Industry Spotlight: Managing Telecommunications Excess
In recent decades, the telecommunications industry has rapidly advanced. It is easy to forget how remarkable it is to connect with anyone in the world in seconds. Like other advancing sectors, electronic manufacturers in the telecoms industry face growing challenges with excess and obsolete (E&O) electronic component inventory. This industry spotlight will explore the common causes of surplus E&O, the financial risks of this stock, and simple solutions to inventory challenges.
Telecom technological advancements
The 1830s saw the birth of telegraphy, allowing messages to travel through electronic channels. Telephones were not invented until the 1870s.

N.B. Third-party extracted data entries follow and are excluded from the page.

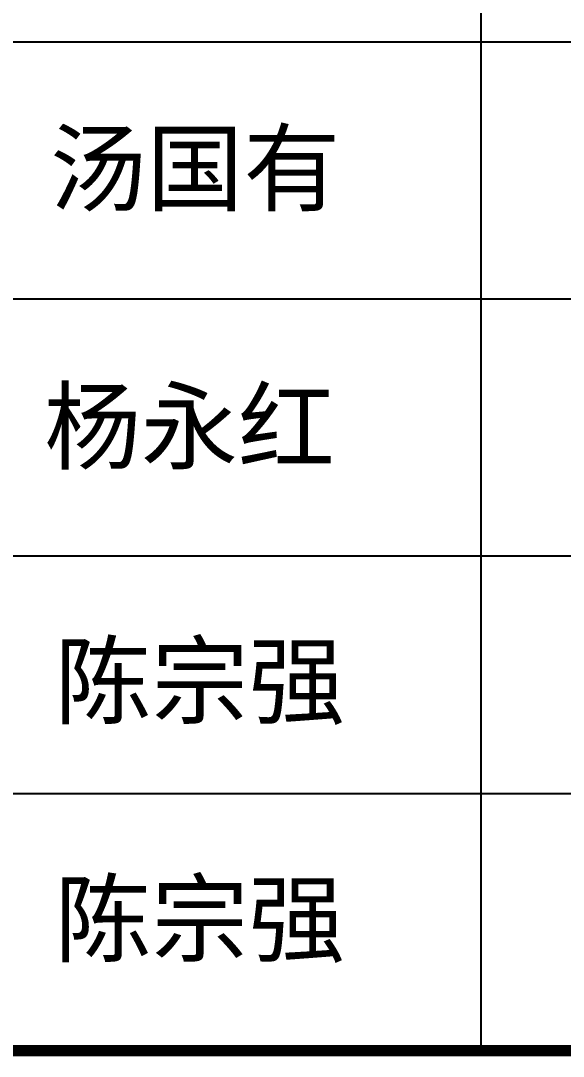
# Model space of a CAD drawing. Extents: x -2746917 to -971774, y -3334247 to -3250358.
# Drawn here: x -2190024 to -2188344, y -3309676 to -3306468 of the extents above; entities that cross this region are included whole.
import ezdxf

# ---------------------------------------------------------------- set-up
doc = ezdxf.new("R2010")
doc.units = 0
doc.header["$LTSCALE"] = 1000
doc.header["$MEASUREMENT"] = 0
doc.layers.get('0').update_dxf_attribs({"linetype": 'CONTINUOUS'})
doc.layers.add('PUB_TEXT', color=7, linetype='CONTINUOUS')
doc.layers.add('PUB_TITLE', color=4, linetype='CONTINUOUS')
doc.styles.add('STYLE1', font='simhei.ttf', dxfattribs={"width": 0.8})

# ---------------------------------------------------------------- blocks, each defined once
blk = doc.blocks.new('A$C28727B96')
at = {"layer": 'PUB_TITLE', "color": 4}
for p, q in [((-443.7, 8605.6), (-443.7, 2238)), ((-3727.7, 5363), (1504.4, 5363)), ((-3727.7, 4567), (1504.4, 4567)), ((-3727.7, 3771.1), (1504.4, 3771.1)), ((-3727.7, 3034), (1504.4, 3034))]:
    blk.add_line(p, q, dxfattribs=at)
at = {"layer": 'PUB_TITLE', "color": 4, "const_width": 35.2}
blk.add_lwpolyline([(-3727.7, 2238), (1504.4, 2238), (1504.4, 8605.6), (-3727.7, 8605.6)], close=True, dxfattribs=at)
at = {"layer": 'PUB_TEXT', "style": 'STYLE1'}
for s, p in [('汤国有', (-1778.5, 4861.4)), ('杨永红', (-1795.7, 4061.8)), ('陈宗强', (-1763.4, 3273)), ('陈宗强', (-1763.4, 2535.9))]:
    blk.add_text(s, height=220, dxfattribs=at).set_placement(p)

msp = doc.modelspace()

# ---------------------------------------------------------------- block references
at = {"ltscale": 1.5}
msp.add_blockref('A$C28727B96', (-2188156.21, -3311896.69), dxfattribs=at)

doc.saveas('drawing.dxf')

Back then, these primitive phones needed to be connected via wires. The first cellular phone call was not placed until 1973. The internet did not take hold of the general public until 1995.
Fast-forward to today and telecommunications equipment underpins nearly every aspect of modern life. About 67% of the global population is now online and using the internet.
Mobile networks are among the most notable advancements, with 5G currently being deployed worldwide. Previous generations have each brought significant improvements, transitioning from analogue to digital and reducing latency. Despite 5G only being on the scene for under a decade, discussions about 6G are already underway. Li-Fi is also being developed to challenge traditional Wi-Fi.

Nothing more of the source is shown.